Byłem dziś świadkiem wypadku. Duży samochód dostawczy potrącił dojrzałego, około 40-letniego mężczyznę. Biedak nie miał żadnych szans na przeżycie. Jego ciało nieruchomo leżało na ulicy, a wokół niego skupiła się grupa gapiów oraz dwóch ratowników medycznych, którzy nic nie mogli zrobić.
Widzimy jak bardzo kruche jest nasze życie. Człowiek ten wychodząc z domu, z pewnością nie spodziewał się, że już nigdy nie zobaczy swojej żony, dzieci, przyjaciół.. Szedł zapewne do pracy, lub po świeże pieczywo dla rodziny. Jeden niewłaściwy ruch ii..

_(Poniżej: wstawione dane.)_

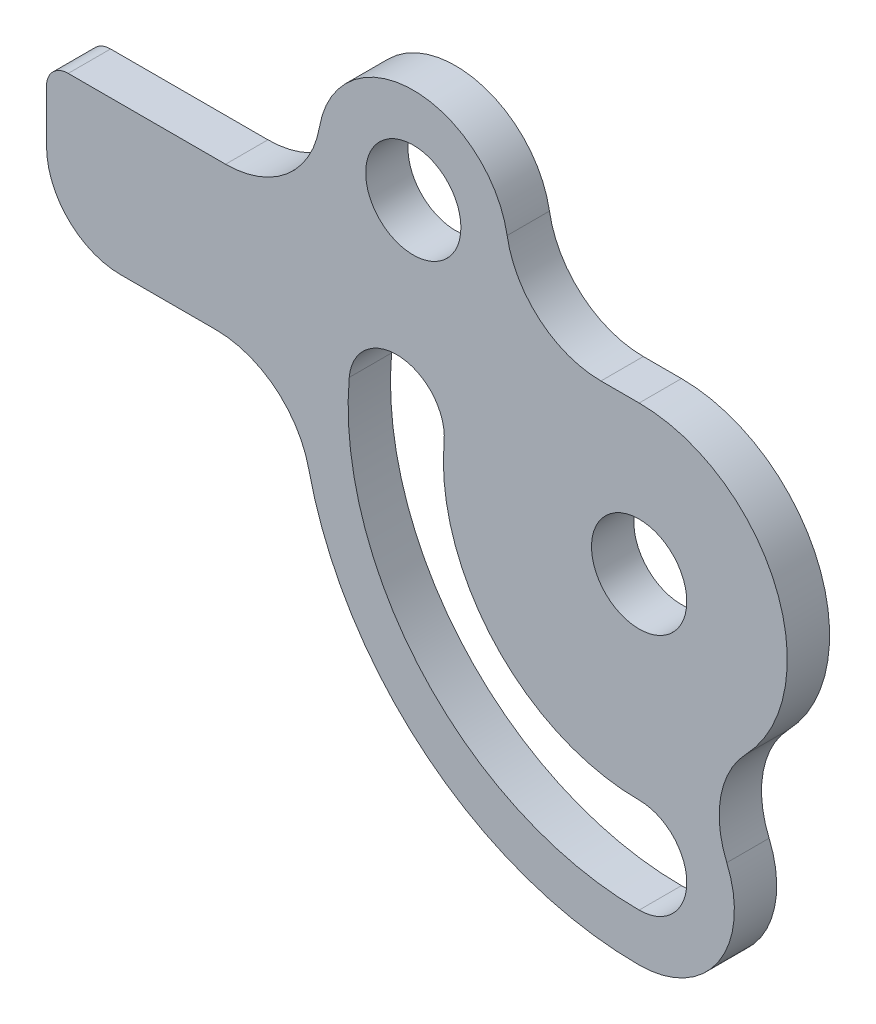
ISO-10303-21;
HEADER;
FILE_DESCRIPTION(('STEP AP214'),'2;1');
FILE_NAME('part.step','',(''),(''),'','','');
FILE_SCHEMA(('AUTOMOTIVE_DESIGN { 1 0 10303 214 1 1 1 1 }'));
ENDSEC;
DATA;
#1=APPLICATION_CONTEXT('core data for automotive mechanical design processes');
#2=APPLICATION_PROTOCOL_DEFINITION('international standard','automotive_design',2000,#1);
#3=PRODUCT_CONTEXT('',#1,'mechanical');
#4=PRODUCT('Part','Part','',(#3));
#5=PRODUCT_RELATED_PRODUCT_CATEGORY('part','',(#4));
#6=PRODUCT_DEFINITION_FORMATION('','',#4);
#7=PRODUCT_DEFINITION_CONTEXT('part definition',#1,'design');
#8=PRODUCT_DEFINITION('design','',#6,#7);
#9=PRODUCT_DEFINITION_SHAPE('','',#8);
#10=(LENGTH_UNIT() NAMED_UNIT(*) SI_UNIT(.MILLI.,.METRE.));
#11=(NAMED_UNIT(*) PLANE_ANGLE_UNIT() SI_UNIT($,.RADIAN.));
#12=(NAMED_UNIT(*) SI_UNIT($,.STERADIAN.) SOLID_ANGLE_UNIT());
#13=UNCERTAINTY_MEASURE_WITH_UNIT(LENGTH_MEASURE(1.E-05),#10,'distance_accuracy_value','');
#14=(GEOMETRIC_REPRESENTATION_CONTEXT(3) GLOBAL_UNCERTAINTY_ASSIGNED_CONTEXT((#13)) GLOBAL_UNIT_ASSIGNED_CONTEXT((#10,
#11,#12)) REPRESENTATION_CONTEXT('',''));
#15=CARTESIAN_POINT('',(0.,0.,0.));
#16=DIRECTION('',(0.,0.,1.));
#17=DIRECTION('',(1.,0.,0.));
#18=AXIS2_PLACEMENT_3D('',#15,#16,#17);
#19=CARTESIAN_POINT('',(22.225,0.,1.5875));
#20=DIRECTION('',(0.,0.,-1.));
#21=DIRECTION('',(-1.,0.,0.));
#22=AXIS2_PLACEMENT_3D('',#19,#20,#21);
#23=CYLINDRICAL_SURFACE('',#22,10.9140625);
#24=CARTESIAN_POINT('',(22.225,0.,0.));
#25=DIRECTION('',(0.,0.,1.));
#26=DIRECTION('',(1.,0.,0.));
#27=AXIS2_PLACEMENT_3D('',#24,#25,#26);
#28=CIRCLE('',#27,10.9140625);
#29=CARTESIAN_POINT('',(22.225,-10.9140625,0.));
#30=VERTEX_POINT('',#29);
#31=CARTESIAN_POINT('',(11.3524688028581,0.95122322358182,0.));
#32=VERTEX_POINT('',#31);
#33=EDGE_CURVE('E255',#30,#32,#28,.F.);
#34=ORIENTED_EDGE('',*,*,#33,.T.);
#35=DIRECTION('',(0.,0.,-1.));
#36=VECTOR('',#35,1.);
#37=CARTESIAN_POINT('',(11.3524688028581,0.95122322358182,1.5875));
#38=LINE('',#37,#36);
#39=CARTESIAN_POINT('',(11.3524688028581,0.95122322358182,1.5875));
#40=VERTEX_POINT('',#39);
#41=EDGE_CURVE('E274',#40,#32,#38,.T.);
#42=ORIENTED_EDGE('',*,*,#41,.F.);
#43=CARTESIAN_POINT('',(22.225,0.,1.5875));
#44=DIRECTION('',(0.,0.,1.));
#45=DIRECTION('',(1.,0.,0.));
#46=AXIS2_PLACEMENT_3D('',#43,#44,#45);
#47=CIRCLE('',#46,10.9140625);
#48=CARTESIAN_POINT('',(22.225,-10.9140625,1.5875));
#49=VERTEX_POINT('',#48);
#50=EDGE_CURVE('E215',#49,#40,#47,.F.);
#51=ORIENTED_EDGE('',*,*,#50,.F.);
#52=DIRECTION('',(0.,0.,-1.));
#53=VECTOR('',#52,1.);
#54=CARTESIAN_POINT('',(22.225,-10.9140625,1.5875));
#55=LINE('',#54,#53);
#56=EDGE_CURVE('E175',#49,#30,#55,.T.);
#57=ORIENTED_EDGE('',*,*,#56,.T.);
#58=EDGE_LOOP('',(#34,#42,#51,#57));
#59=FACE_BOUND('',#58,.T.);
#60=ADVANCED_FACE('F38',(#59),#23,.F.);
#61=CARTESIAN_POINT('',(13.1316102714813,0.795568514268432,1.5875));
#62=DIRECTION('',(0.,0.,-1.));
#63=DIRECTION('',(-1.,0.,0.));
#64=AXIS2_PLACEMENT_3D('',#61,#62,#63);
#65=CYLINDRICAL_SURFACE('',#64,1.7859375);
#66=CARTESIAN_POINT('',(13.1316102714813,0.795568514268432,0.));
#67=DIRECTION('',(0.,0.,1.));
#68=DIRECTION('',(1.,0.,0.));
#69=AXIS2_PLACEMENT_3D('',#66,#67,#68);
#70=CIRCLE('',#69,1.7859375);
#71=CARTESIAN_POINT('',(14.9107517401045,0.639913804955043,0.));
#72=VERTEX_POINT('',#71);
#73=EDGE_CURVE('E258',#72,#32,#70,.T.);
#74=ORIENTED_EDGE('',*,*,#73,.F.);
#75=DIRECTION('',(0.,0.,-1.));
#76=VECTOR('',#75,1.);
#77=CARTESIAN_POINT('',(14.9107517401045,0.639913804955043,1.5875));
#78=LINE('',#77,#76);
#79=CARTESIAN_POINT('',(14.9107517401045,0.639913804955043,1.5875));
#80=VERTEX_POINT('',#79);
#81=EDGE_CURVE('E272',#80,#72,#78,.T.);
#82=ORIENTED_EDGE('',*,*,#81,.F.);
#83=CARTESIAN_POINT('',(13.1316102714813,0.795568514268432,1.5875));
#84=DIRECTION('',(0.,0.,1.));
#85=DIRECTION('',(1.,0.,0.));
#86=AXIS2_PLACEMENT_3D('',#83,#84,#85);
#87=CIRCLE('',#86,1.7859375);
#88=EDGE_CURVE('E217',#80,#40,#87,.T.);
#89=ORIENTED_EDGE('',*,*,#88,.T.);
#90=ORIENTED_EDGE('',*,*,#41,.T.);
#91=EDGE_LOOP('',(#74,#82,#89,#90));
#92=FACE_BOUND('',#91,.T.);
#93=ADVANCED_FACE('F335',(#92),#65,.F.);
#94=CARTESIAN_POINT('',(22.225,0.,1.5875));
#95=DIRECTION('',(0.,0.,-1.));
#96=DIRECTION('',(-1.,0.,0.));
#97=AXIS2_PLACEMENT_3D('',#94,#95,#96);
#98=CYLINDRICAL_SURFACE('',#97,7.3421875);
#99=CARTESIAN_POINT('',(22.225,0.,0.));
#100=DIRECTION('',(0.,0.,1.));
#101=DIRECTION('',(1.,0.,0.));
#102=AXIS2_PLACEMENT_3D('',#99,#100,#101);
#103=CIRCLE('',#102,7.3421875);
#104=CARTESIAN_POINT('',(22.225,-7.3421875,0.));
#105=VERTEX_POINT('',#104);
#106=EDGE_CURVE('E261',#72,#105,#103,.T.);
#107=ORIENTED_EDGE('',*,*,#106,.T.);
#108=DIRECTION('',(0.,0.,-1.));
#109=VECTOR('',#108,1.);
#110=CARTESIAN_POINT('',(22.225,-7.3421875,1.5875));
#111=LINE('',#110,#109);
#112=CARTESIAN_POINT('',(22.225,-7.3421875,1.5875));
#113=VERTEX_POINT('',#112);
#114=EDGE_CURVE('E270',#113,#105,#111,.T.);
#115=ORIENTED_EDGE('',*,*,#114,.F.);
#116=CARTESIAN_POINT('',(22.225,0.,1.5875));
#117=DIRECTION('',(0.,0.,1.));
#118=DIRECTION('',(1.,0.,0.));
#119=AXIS2_PLACEMENT_3D('',#116,#117,#118);
#120=CIRCLE('',#119,7.3421875);
#121=EDGE_CURVE('E220',#80,#113,#120,.T.);
#122=ORIENTED_EDGE('',*,*,#121,.F.);
#123=ORIENTED_EDGE('',*,*,#81,.T.);
#124=EDGE_LOOP('',(#107,#115,#122,#123));
#125=FACE_BOUND('',#124,.T.);
#126=ADVANCED_FACE('F341',(#125),#98,.T.);
#127=CARTESIAN_POINT('',(0.,5.55625,1.5875));
#128=DIRECTION('',(0.,1.,0.));
#129=DIRECTION('',(0.,0.,1.));
#130=AXIS2_PLACEMENT_3D('',#127,#128,#129);
#131=PLANE('',#130);
#132=DIRECTION('',(1.,0.,0.));
#133=VECTOR('',#132,1.);
#134=CARTESIAN_POINT('',(0.,5.55625,1.5875));
#135=LINE('',#134,#133);
#136=CARTESIAN_POINT('',(0.813693973516123,5.55625,1.5875));
#137=VERTEX_POINT('',#136);
#138=CARTESIAN_POINT('',(6.71473119369293,5.55625,1.5875));
#139=VERTEX_POINT('',#138);
#140=EDGE_CURVE('E168',#137,#139,#135,.T.);
#141=ORIENTED_EDGE('',*,*,#140,.T.);
#142=DIRECTION('',(0.,0.,-1.));
#143=VECTOR('',#142,1.);
#144=CARTESIAN_POINT('',(6.71473119369293,5.55625,1.5875));
#145=LINE('',#144,#143);
#146=CARTESIAN_POINT('',(6.71473119369293,5.55625,0.));
#147=VERTEX_POINT('',#146);
#148=EDGE_CURVE('E298',#139,#147,#145,.T.);
#149=ORIENTED_EDGE('',*,*,#148,.T.);
#150=DIRECTION('',(1.,0.,0.));
#151=VECTOR('',#150,1.);
#152=CARTESIAN_POINT('',(0.,5.55625,0.));
#153=LINE('',#152,#151);
#154=CARTESIAN_POINT('',(0.813693973516123,5.55625,0.));
#155=VERTEX_POINT('',#154);
#156=EDGE_CURVE('E171',#155,#147,#153,.T.);
#157=ORIENTED_EDGE('',*,*,#156,.F.);
#158=DIRECTION('',(0.,0.,-1.));
#159=VECTOR('',#158,1.);
#160=CARTESIAN_POINT('',(0.813693973516123,5.55625,1.5875));
#161=LINE('',#160,#159);
#162=EDGE_CURVE('E163',#137,#155,#161,.T.);
#163=ORIENTED_EDGE('',*,*,#162,.F.);
#164=EDGE_LOOP('',(#141,#149,#157,#163));
#165=FACE_BOUND('',#164,.T.);
#166=ADVANCED_FACE('F165',(#165),#131,.T.);
#167=CARTESIAN_POINT('',(0.813693973516123,4.74255602648388,1.5875));
#168=DIRECTION('',(0.,0.,-1.));
#169=DIRECTION('',(-1.,0.,0.));
#170=AXIS2_PLACEMENT_3D('',#167,#168,#169);
#171=CYLINDRICAL_SURFACE('',#170,0.813693973516123);
#172=CARTESIAN_POINT('',(0.813693973516123,4.74255602648388,0.));
#173=DIRECTION('',(0.,0.,1.));
#174=DIRECTION('',(1.,0.,0.));
#175=AXIS2_PLACEMENT_3D('',#172,#173,#174);
#176=CIRCLE('',#175,0.813693973516123);
#177=CARTESIAN_POINT('',(0.,4.74255602648388,0.));
#178=VERTEX_POINT('',#177);
#179=EDGE_CURVE('E233',#155,#178,#176,.T.);
#180=ORIENTED_EDGE('',*,*,#179,.T.);
#181=DIRECTION('',(0.,0.,-1.));
#182=VECTOR('',#181,1.);
#183=CARTESIAN_POINT('',(0.,4.74255602648388,1.5875));
#184=LINE('',#183,#182);
#185=CARTESIAN_POINT('',(0.,4.74255602648388,1.5875));
#186=VERTEX_POINT('',#185);
#187=EDGE_CURVE('E176',#186,#178,#184,.T.);
#188=ORIENTED_EDGE('',*,*,#187,.F.);
#189=CARTESIAN_POINT('',(0.813693973516123,4.74255602648388,1.5875));
#190=DIRECTION('',(0.,0.,1.));
#191=DIRECTION('',(1.,0.,0.));
#192=AXIS2_PLACEMENT_3D('',#189,#190,#191);
#193=CIRCLE('',#192,0.813693973516123);
#194=EDGE_CURVE('E179',#137,#186,#193,.T.);
#195=ORIENTED_EDGE('',*,*,#194,.F.);
#196=ORIENTED_EDGE('',*,*,#162,.T.);
#197=EDGE_LOOP('',(#180,#188,#195,#196));
#198=FACE_BOUND('',#197,.T.);
#199=ADVANCED_FACE('F180',(#198),#171,.T.);
#200=CARTESIAN_POINT('',(0.,0.,1.5875));
#201=DIRECTION('',(-1.,0.,0.));
#202=DIRECTION('',(0.,0.,1.));
#203=AXIS2_PLACEMENT_3D('',#200,#201,#202);
#204=PLANE('',#203);
#205=DIRECTION('',(0.,1.,0.));
#206=VECTOR('',#205,1.);
#207=CARTESIAN_POINT('',(0.,0.,0.));
#208=LINE('',#207,#206);
#209=CARTESIAN_POINT('',(0.,2.778125,0.));
#210=VERTEX_POINT('',#209);
#211=EDGE_CURVE('E235',#210,#178,#208,.T.);
#212=ORIENTED_EDGE('',*,*,#211,.F.);
#213=DIRECTION('',(0.,0.,-1.));
#214=VECTOR('',#213,1.);
#215=CARTESIAN_POINT('',(0.,2.778125,1.5875));
#216=LINE('',#215,#214);
#217=CARTESIAN_POINT('',(0.,2.778125,1.5875));
#218=VERTEX_POINT('',#217);
#219=EDGE_CURVE('E284',#218,#210,#216,.T.);
#220=ORIENTED_EDGE('',*,*,#219,.F.);
#221=DIRECTION('',(0.,1.,0.));
#222=VECTOR('',#221,1.);
#223=CARTESIAN_POINT('',(0.,0.,1.5875));
#224=LINE('',#223,#222);
#225=EDGE_CURVE('E184',#218,#186,#224,.T.);
#226=ORIENTED_EDGE('',*,*,#225,.T.);
#227=ORIENTED_EDGE('',*,*,#187,.T.);
#228=EDGE_LOOP('',(#212,#220,#226,#227));
#229=FACE_BOUND('',#228,.T.);
#230=ADVANCED_FACE('F373',(#229),#204,.T.);
#231=CARTESIAN_POINT('',(2.778125,2.778125,1.5875));
#232=DIRECTION('',(0.,0.,-1.));
#233=DIRECTION('',(-1.,0.,0.));
#234=AXIS2_PLACEMENT_3D('',#231,#232,#233);
#235=CYLINDRICAL_SURFACE('',#234,2.778125);
#236=CARTESIAN_POINT('',(2.778125,2.778125,0.));
#237=DIRECTION('',(0.,0.,1.));
#238=DIRECTION('',(1.,0.,0.));
#239=AXIS2_PLACEMENT_3D('',#236,#237,#238);
#240=CIRCLE('',#239,2.778125);
#241=CARTESIAN_POINT('',(2.778125,0.,0.));
#242=VERTEX_POINT('',#241);
#243=EDGE_CURVE('E238',#210,#242,#240,.T.);
#244=ORIENTED_EDGE('',*,*,#243,.T.);
#245=DIRECTION('',(0.,0.,-1.));
#246=VECTOR('',#245,1.);
#247=CARTESIAN_POINT('',(2.778125,0.,1.5875));
#248=LINE('',#247,#246);
#249=CARTESIAN_POINT('',(2.778125,0.,1.5875));
#250=VERTEX_POINT('',#249);
#251=EDGE_CURVE('E281',#250,#242,#248,.T.);
#252=ORIENTED_EDGE('',*,*,#251,.F.);
#253=CARTESIAN_POINT('',(2.778125,2.778125,1.5875));
#254=DIRECTION('',(0.,0.,1.));
#255=DIRECTION('',(1.,0.,0.));
#256=AXIS2_PLACEMENT_3D('',#253,#254,#255);
#257=CIRCLE('',#256,2.778125);
#258=EDGE_CURVE('E198',#218,#250,#257,.T.);
#259=ORIENTED_EDGE('',*,*,#258,.F.);
#260=ORIENTED_EDGE('',*,*,#219,.T.);
#261=EDGE_LOOP('',(#244,#252,#259,#260));
#262=FACE_BOUND('',#261,.T.);
#263=ADVANCED_FACE('F370',(#262),#235,.T.);
#264=CARTESIAN_POINT('',(0.,0.,1.5875));
#265=DIRECTION('',(0.,1.,0.));
#266=DIRECTION('',(0.,0.,1.));
#267=AXIS2_PLACEMENT_3D('',#264,#265,#266);
#268=PLANE('',#267);
#269=DIRECTION('',(1.,0.,0.));
#270=VECTOR('',#269,1.);
#271=CARTESIAN_POINT('',(0.,0.,0.));
#272=LINE('',#271,#270);
#273=CARTESIAN_POINT('',(6.35,0.,0.));
#274=VERTEX_POINT('',#273);
#275=EDGE_CURVE('E240',#242,#274,#272,.T.);
#276=ORIENTED_EDGE('',*,*,#275,.T.);
#277=DIRECTION('',(0.,0.,-1.));
#278=VECTOR('',#277,1.);
#279=CARTESIAN_POINT('',(6.35,0.,1.5875));
#280=LINE('',#279,#278);
#281=CARTESIAN_POINT('',(6.35,0.,1.5875));
#282=VERTEX_POINT('',#281);
#283=EDGE_CURVE('E53',#274,#282,#280,.F.);
#284=ORIENTED_EDGE('',*,*,#283,.T.);
#285=DIRECTION('',(1.,0.,0.));
#286=VECTOR('',#285,1.);
#287=CARTESIAN_POINT('',(0.,0.,1.5875));
#288=LINE('',#287,#286);
#289=EDGE_CURVE('E200',#250,#282,#288,.T.);
#290=ORIENTED_EDGE('',*,*,#289,.F.);
#291=ORIENTED_EDGE('',*,*,#251,.T.);
#292=EDGE_LOOP('',(#276,#284,#290,#291));
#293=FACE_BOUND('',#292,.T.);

A czy my w pełni korzystamy z życia? Czy gdyby teraz przyszła śmierć moglibyśmy sobie powiedzieć, iż jesteśmy zadowoleni z tego co osiągnęliśmy?
Wielokrotnie długo czekamy ze spełnieniem marzeń. Powtarzamy, że jeszcze mamy czas. Czy na pewno?
Zatajamy to co czujemy. Dusimy w sobie rozrywające prawdy, myśląc, iż tak będzie lepiej. Lecz co będzie, jeśli nie zdążymy?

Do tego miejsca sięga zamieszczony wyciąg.